§ SUPPLIED RECORDS:
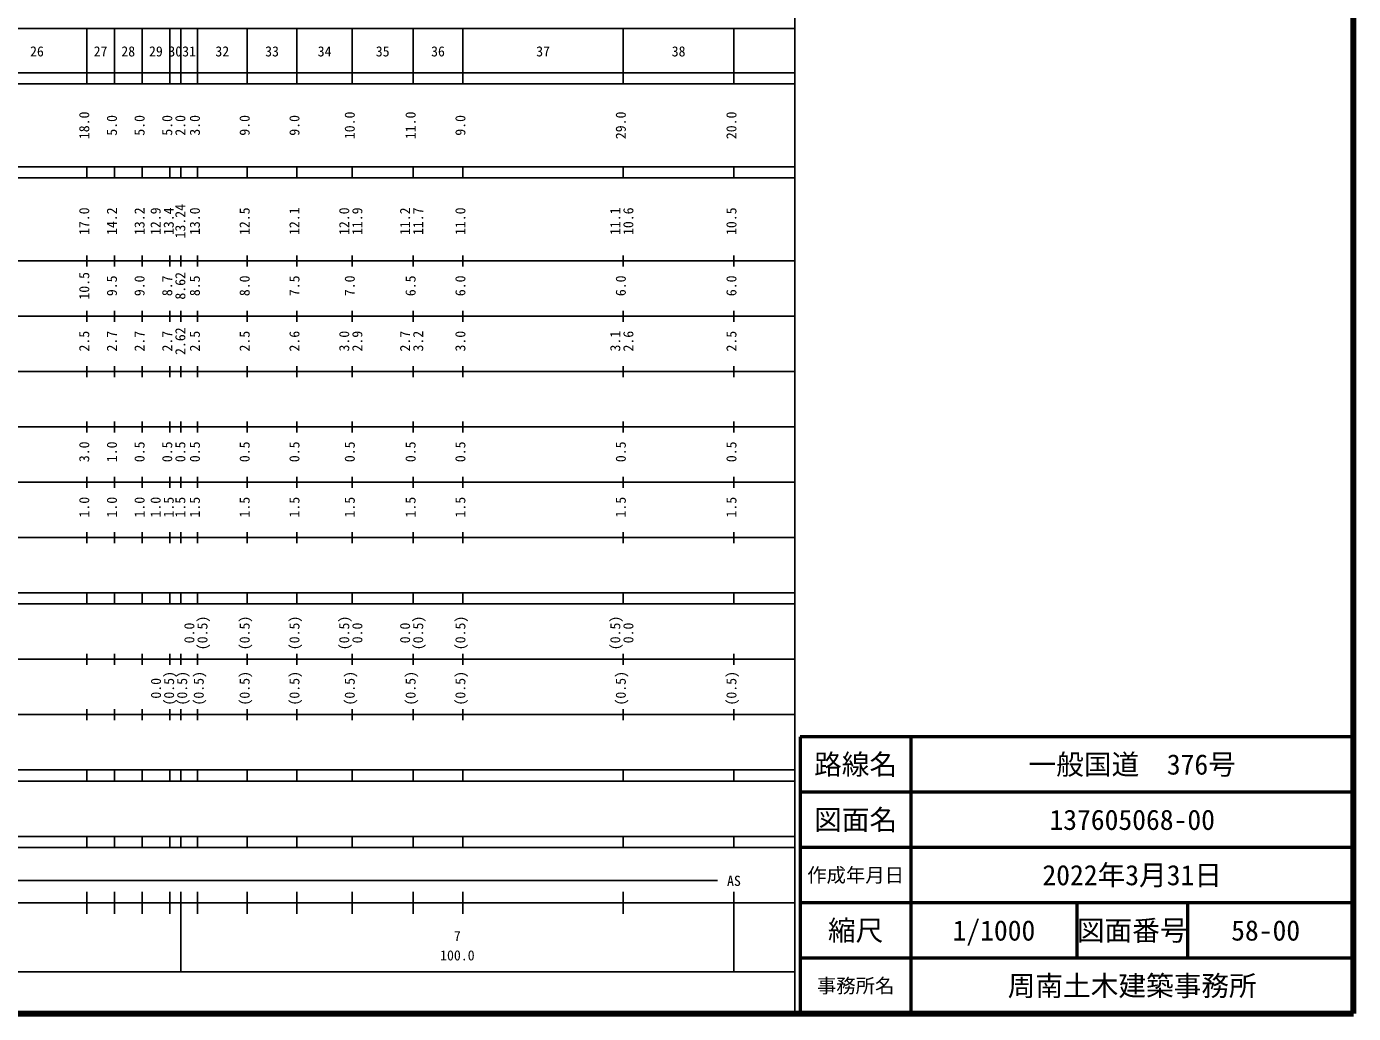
# Model space of a CAD drawing. Units: millimetres on the paper, enlarged 1000 times. Extents: x 40000 to 680000, y 20000 to 380000.
# Drawn here: x 440115 to 680000, y 20000 to 198357 of the extents above; entities that cross this region are included whole.
import ezdxf
from ezdxf.enums import TextEntityAlignment as Align

# ---------------------------------------------------------------- set-up
doc = ezdxf.new("R2010")
doc.units = ezdxf.units.MM
doc.header["$LTSCALE"] = 1000
for name, color, linetype, lineweight in [('M-TTL', 2, 'Continuous', 140), ('M-TTL-BAND', 7, 'Continuous', 25), ('M-TTL-FRAM', 2, 'Continuous', 50), ('M-TTL-LINE', 7, 'Continuous', 50)]:
    doc.layers.add(name, color=color, linetype=linetype, lineweight=lineweight)
doc.layers.add('M-TTL-TXT', color=7, linetype='Continuous')
doc.styles.add('ＭＳ ゴシック', font='')
doc.styles.get('ＭＳ ゴシック').set_extended_font_data('MS Gothic')

msp = doc.modelspace()

# ---------------------------------------------------------------- linework, layer by layer
at = {"layer": 'M-TTL'}
for p, q in [((680000, 20000), (680000, 380000)), ((40000, 20000), (680000, 20000))]:
    msp.add_line(p, q, dxfattribs=at)
at = {"layer": 'M-TTL-BAND'}
for p, q in [((579000, 20000), (579000, 370000)), ((68000, 198000), (579000, 198000)), ((451000, 188000), (451000, 198000)), ((456000, 188000), (456000, 198000)), ((461000, 188000), (461000, 198000)), ((466000, 188000), (466000, 198000)), ((468000, 188000), (468000, 198000)), ((471000, 188000), (471000, 198000)), ((480000, 188000), (480000, 198000)), ((489000, 188000), (489000, 198000)), ((499000, 188000), (499000, 198000)), ((510000, 188000), (510000, 198000)), ((519000, 188000), (519000, 198000)), ((548000, 188000), (548000, 198000)), ((568000, 188000), (568000, 198000)), ((40000, 190000), (579000, 190000)), ((40000, 188000), (579000, 188000)), ((40000, 173000), (579000, 173000)), ((451000, 171000), (451000, 173000)), ((456000, 171000), (456000, 173000)), ((461000, 171000), (461000, 173000)), ((466000, 171000), (466000, 173000)), ((468000, 171000), (468000, 173000)), ((471000, 171000), (471000, 173000)), ((480000, 171000), (480000, 173000)), ((489000, 171000), (489000, 173000)), ((499000, 171000), (499000, 173000)), ((510000, 171000), (510000, 173000)), ((519000, 171000), (519000, 173000)), ((548000, 171000), (548000, 173000)), ((568000, 171000), (568000, 173000)), ((40000, 171000), (579000, 171000)), ((40000, 156000), (579000, 156000)), ((451000, 155000), (451000, 157000)), ((456000, 155000), (456000, 157000)), ((461000, 155000), (461000, 157000)), ((466000, 155000), (466000, 157000)), ((468000, 155000), (468000, 157000)), ((471000, 155000), (471000, 157000)), ((480000, 155000), (480000, 157000)), ((489000, 155000), (489000, 157000)), ((499000, 155000), (499000, 157000)), ((510000, 155000), (510000, 157000)), ((519000, 155000), (519000, 157000)), ((548000, 155000), (548000, 157000)), ((568000, 155000), (568000, 157000)), ((451000, 145000), (451000, 147000)), ((456000, 145000), (456000, 147000)), ((461000, 145000), (461000, 147000)), ((466000, 145000), (466000, 147000)), ((468000, 145000), (468000, 147000)), ((471000, 145000), (471000, 147000)), ((480000, 145000), (480000, 147000)), ((489000, 145000), (489000, 147000)), ((499000, 145000), (499000, 147000)), ((510000, 145000), (510000, 147000)), ((519000, 145000), (519000, 147000)), ((548000, 145000), (548000, 147000)), ((568000, 145000), (568000, 147000)), ((46000, 146000), (579000, 146000)), ((451000, 135000), (451000, 137000)), ((456000, 135000), (456000, 137000)), ((461000, 135000), (461000, 137000)), ((466000, 135000), (466000, 137000)), ((468000, 135000), (468000, 137000)), ((471000, 135000), (471000, 137000)), ((480000, 135000), (480000, 137000)), ((489000, 135000), (489000, 137000)), ((499000, 135000), (499000, 137000)), ((510000, 135000), (510000, 137000)), ((519000, 135000), (519000, 137000)), ((548000, 135000), (548000, 137000)), ((568000, 135000), (568000, 137000)), ((52000, 136000), (579000, 136000)), ((46000, 126000), (579000, 126000)), ((451000, 125000), (451000, 127000)), ((456000, 125000), (456000, 127000)), ((461000, 125000), (461000, 127000)), ((466000, 125000), (466000, 127000)), ((468000, 125000), (468000, 127000)), ((471000, 125000), (471000, 127000)), ((480000, 125000), (480000, 127000)), ((489000, 125000), (489000, 127000)), ((499000, 125000), (499000, 127000)), ((510000, 125000), (510000, 127000)), ((519000, 125000), (519000, 127000)), ((548000, 125000), (548000, 127000)), ((568000, 125000), (568000, 127000)), ((52000, 116000), (579000, 116000)), ((451000, 115000), (451000, 117000)), ((456000, 115000), (456000, 117000)), ((461000, 115000), (461000, 117000)), ((466000, 115000), (466000, 117000)), ((468000, 115000), (468000, 117000)), ((471000, 115000), (471000, 117000)), ((480000, 115000), (480000, 117000)), ((489000, 115000), (489000, 117000)), ((499000, 115000), (499000, 117000)), ((510000, 115000), (510000, 117000)), ((519000, 115000), (519000, 117000)), ((548000, 115000), (548000, 117000)), ((568000, 115000), (568000, 117000)), ((46000, 106000), (579000, 106000)), ((451000, 105000), (451000, 107000)), ((456000, 105000), (456000, 107000)), ((461000, 105000), (461000, 107000)), ((466000, 105000), (466000, 107000)), ((468000, 105000), (468000, 107000)), ((471000, 105000), (471000, 107000)), ((480000, 105000), (480000, 107000)), ((489000, 105000), (489000, 107000)), ((499000, 105000), (499000, 107000)), ((510000, 105000), (510000, 107000)), ((519000, 105000), (519000, 107000)), ((548000, 105000), (548000, 107000)), ((568000, 105000), (568000, 107000)), ((40000, 96000), (579000, 96000)), ((451000, 94000), (451000, 96000)), ((456000, 94000), (456000, 96000)), ((461000, 94000), (461000, 96000)), ((466000, 94000), (466000, 96000)), ((468000, 94000), (468000, 96000)), ((471000, 94000), (471000, 96000)), ((480000, 94000), (480000, 96000)), ((489000, 94000), (489000, 96000)), ((499000, 94000), (499000, 96000)), ((510000, 94000), (510000, 96000)), ((519000, 94000), (519000, 96000)), ((548000, 94000), (548000, 96000)), ((568000, 94000), (568000, 96000)), ((40000, 94000), (579000, 94000)), ((49000, 84000), (579000, 84000)), ((451000, 83000), (451000, 85000)), ((456000, 83000), (456000, 85000)), ((461000, 83000), (461000, 85000)), ((466000, 83000), (466000, 85000)), ((468000, 83000), (468000, 85000)), ((471000, 83000), (471000, 85000)), ((480000, 83000), (480000, 85000)), ((489000, 83000), (489000, 85000)), ((499000, 83000), (499000, 85000)), ((510000, 83000), (510000, 85000)), ((519000, 83000), (519000, 85000)), ((548000, 83000), (548000, 85000)), ((568000, 83000), (568000, 85000)), ((451000, 73000), (451000, 75000)), ((456000, 73000), (456000, 75000)), ((461000, 73000), (461000, 75000)), ((466000, 73000), (466000, 75000)), ((468000, 73000), (468000, 75000)), ((471000, 73000), (471000, 75000)), ((480000, 73000), (480000, 75000)), ((489000, 73000), (489000, 75000)), ((499000, 73000), (499000, 75000)), ((510000, 73000), (510000, 75000)), ((519000, 73000), (519000, 75000)), ((548000, 73000), (548000, 75000)), ((568000, 73000), (568000, 75000)), ((40000, 74000), (579000, 74000)), ((40000, 64000), (579000, 64000)), ((451000, 62000), (451000, 64000)), ((456000, 62000), (456000, 64000)), ((461000, 62000), (461000, 64000)), ((466000, 62000), (466000, 64000)), ((468000, 62000), (468000, 64000)), ((471000, 62000), (471000, 64000)), ((480000, 62000), (480000, 64000)), ((489000, 62000), (489000, 64000)), ((499000, 62000), (499000, 64000)), ((510000, 62000), (510000, 64000)), ((519000, 62000), (519000, 64000)), ((548000, 62000), (548000, 64000)), ((568000, 62000), (568000, 64000)), ((40000, 62000), (579000, 62000)), ((40000, 52000), (579000, 52000)), ((451000, 50000), (451000, 52000)), ((456000, 50000), (456000, 52000)), ((461000, 50000), (461000, 52000)), ((466000, 50000), (466000, 52000)), ((468000, 50000), (468000, 52000)), ((471000, 50000), (471000, 52000)), ((480000, 50000), (480000, 52000)), ((489000, 50000), (489000, 52000)), ((499000, 50000), (499000, 52000)), ((510000, 50000), (510000, 52000)), ((519000, 50000), (519000, 52000)), ((548000, 50000), (548000, 52000)), ((568000, 50000), (568000, 52000)), ((40000, 50000), (579000, 50000)), ((71000, 44000), (565000, 44000)), ((451000, 38000), (451000, 42000)), ((456000, 38000), (456000, 42000)), ((461000, 38000), (461000, 42000)), ((466000, 38000), (466000, 42000)), ((468000, 27500), (468000, 42000)), ((471000, 38000), (471000, 42000)), ((480000, 38000), (480000, 42000)), ((489000, 38000), (489000, 42000)), ((499000, 38000), (499000, 42000)), ((510000, 38000), (510000, 42000)), ((519000, 38000), (519000, 42000)), ((548000, 38000), (548000, 42000)), ((568000, 27500), (568000, 42000)), ((40000, 40000), (579000, 40000)), ((68000, 27500), (579000, 27500))]:
    msp.add_line(p, q, dxfattribs=at)
at = {"layer": 'M-TTL-FRAM'}
for p, q in [((680000, 70000), (580000, 70000)), ((580000, 70000), (580000, 20000))]:
    msp.add_line(p, q, dxfattribs=at)
at = {"layer": 'M-TTL-LINE'}
for p, q in [((600000, 70000), (600000, 20000)), ((680000, 60000), (580000, 60000)), ((680000, 50000), (580000, 50000)), ((680000, 40000), (580000, 40000)), ((630000, 40000), (630000, 30000)), ((650000, 40000), (650000, 30000)), ((680000, 30000), (580000, 30000))]:
    msp.add_line(p, q, dxfattribs=at)

# ---------------------------------------------------------------- texts
at = {"layer": 'M-TTL-BAND', "style": 'ＭＳ ゴシック'}
for s, p in [('26', (442000, 192405)), ('27', (453500, 192405)), ('28', (458500, 192405)), ('29', (463500, 192405)), ('30', (467000, 192405)), ('31', (469500, 192405)), ('32', (475500, 192405)), ('33', (484500, 192405)), ('34', (494000, 192405)), ('35', (504500, 192405)), ('36', (514500, 192405)), ('37', (533500, 192405)), ('38', (558000, 192405)), ('AS', (568000, 42500)), ('7', (518000, 32523)), ('100.0', (518000, 29033))]:
    msp.add_text(s, height=1833, dxfattribs=at).set_placement(p, align=Align.BOTTOM_CENTER)
for s, p in [('18.0', (452000, 180500)), ('10.0', (500000, 180500)), ('11.0', (511000, 180500)), ('29.0', (549000, 180500)), ('20.0', (569000, 180500)), ('5.0', (457000, 180500)), ('5.0', (462000, 180500)), ('5.0', (467000, 180500)), ('2.0', (469373, 180500)), ('3.0', (472000, 180500)), ('9.0', (481000, 180500)), ('9.0', (490000, 180500)), ('9.0', (520000, 180500)), ('17.0', (452000, 163174)), ('14.2', (457000, 163174)), ('13.2', (462000, 163174)), ('12.9', (464905, 163174)), ('13.4', (467275, 163174)), ('13.24', (469373, 163174)), ('13.0', (472000, 163174)), ('12.1', (490000, 163174)), ('12.0', (499000, 163174)), ('11.9', (501370, 163174)), ('11.2', (510000, 163174)), ('11.7', (512370, 163174)), ('11.0', (520000, 163174)), ('11.1', (548000, 163174)), ('10.6', (550370, 163174)), ('12.5', (481000, 163174)), ('10.5', (569000, 163174)), ('10.5', (452000, 151500)), ('8.62', (469373, 151500)), ('9.5', (457000, 151500)), ('9.0', (462000, 151500)), ('8.7', (467000, 151500)), ('8.5', (472000, 151500)), ('8.0', (481000, 151500)), ('7.5', (490000, 151500)), ('7.0', (500000, 151500)), ('6.5', (511000, 151500)), ('6.0', (520000, 151500)), ('6.0', (549000, 151500)), ('6.0', (569000, 151500)), ('2.5', (452000, 141500)), ('2.7', (457000, 141500)), ('2.7', (462000, 141500)), ('2.7', (467000, 141500)), ('2.62', (469373, 141500)), ('2.5', (472000, 141500)), ('2.5', (481000, 141500)), ('2.6', (490000, 141500)), ('3.0', (499000, 141500)), ('2.9', (501370, 141500)), ('2.7', (510000, 141500)), ('3.2', (512370, 141500)), ('3.0', (520000, 141500)), ('3.1', (548000, 141500)), ('2.6', (550370, 141500)), ('2.5', (569000, 141500)), ('3.0', (452000, 121500)), ('1.0', (457000, 121500)), ('0.5', (462000, 121500)), ('0.5', (467000, 121500)), ('0.5', (469373, 121500)), ('0.5', (472000, 121500)), ('0.5', (481000, 121500)), ('0.5', (490000, 121500)), ('0.5', (500000, 121500)), ('0.5', (511000, 121500)), ('0.5', (520000, 121500)), ('0.5', (549000, 121500)), ('0.5', (569000, 121500)), ('1.0', (452000, 111500)), ('1.0', (457000, 111500)), ('1.0', (462000, 111500)), ('1.0', (464905, 111500)), ('1.5', (467275, 111500)), ('1.5', (469373, 111500)), ('1.5', (472000, 111500)), ('1.5', (481000, 111500)), ('1.5', (490000, 111500)), ('1.5', (500000, 111500)), ('1.5', (511000, 111500)), ('1.5', (520000, 111500)), ('1.5', (549000, 111500)), ('1.5', (569000, 111500)), ('(0.5)', (473370, 88764)), ('(0.5)', (481000, 88764)), ('(0.5)', (490000, 88764)), ('(0.5)', (499000, 88764)), ('(0.5)', (512370, 88764)), ('(0.5)', (520000, 88764)), ('(0.5)', (548000, 88764)), ('0.0', (471000, 88764)), ('0.0', (501370, 88764)), ('0.0', (510000, 88764)), ('0.0', (550370, 88764)), ('0.0', (464968, 78764)), ('(0.5)', (467338, 78764)), ('(0.5)', (469700, 78764)), ('(0.5)', (472700, 78764)), ('(0.5)', (481000, 78764)), ('(0.5)', (490000, 78764)), ('(0.5)', (500000, 78764)), ('(0.5)', (511000, 78764)), ('(0.5)', (520000, 78764)), ('(0.5)', (549000, 78764)), ('(0.5)', (569000, 78764))]:
    msp.add_text(s, height=1833, rotation=90, dxfattribs=at).set_placement(p, align=Align.BOTTOM_CENTER)
at = {"layer": 'M-TTL-TXT', "style": 'ＭＳ ゴシック'}
for s, height, p in [('路線名', 3666, (590000, 65000)), ('路線名', 3666, (590000, 65000)), ('一般国道\u3000376号', 3666, (640000, 65000)), ('図面名', 3666, (590000, 55000)), ('図面名', 3666, (590000, 55000)), ('137605068-00', 3666, (640000, 55000)), ('作成年月日', 2566, (590000, 45000)), ('作成年月日', 2566, (590000, 45000)), ('2022年3月31日', 3666, (640000, 45000)), ('縮尺', 3666, (590000, 35000)), ('縮尺', 3666, (590000, 35000)), ('1/1000', 3666, (615000, 35000)), ('図面番号', 3666, (640000, 35000)), ('図面番号', 3666, (640000, 35000)), ('58-00', 3666, (664125, 35000)), ('事務所名', 2566, (590000, 25000)), ('事務所名', 2566, (590000, 25000)), ('周南土木建築事務所', 3666, (640000, 25000))]:
    msp.add_text(s, height=height, dxfattribs=at).set_placement(p, align=Align.MIDDLE_CENTER)

doc.saveas('drawing.dxf')

§ TO DO:
Your task is to copy every line of the entries that contains the string "linetype".

§ YOUR SOLUTION:
for name, color, linetype, lineweight in [('M-TTL', 2, 'Continuous', 140), ('M-TTL-BAND', 7, 'Continuous', 25), ('M-TTL-FRAM', 2, 'Continuous', 50), ('M-TTL-LINE', 7, 'Continuous', 50)]:
    doc.layers.add(name, color=color, linetype=linetype, lineweight=lineweight)
doc.layers.add('M-TTL-TXT', color=7, linetype='Continuous')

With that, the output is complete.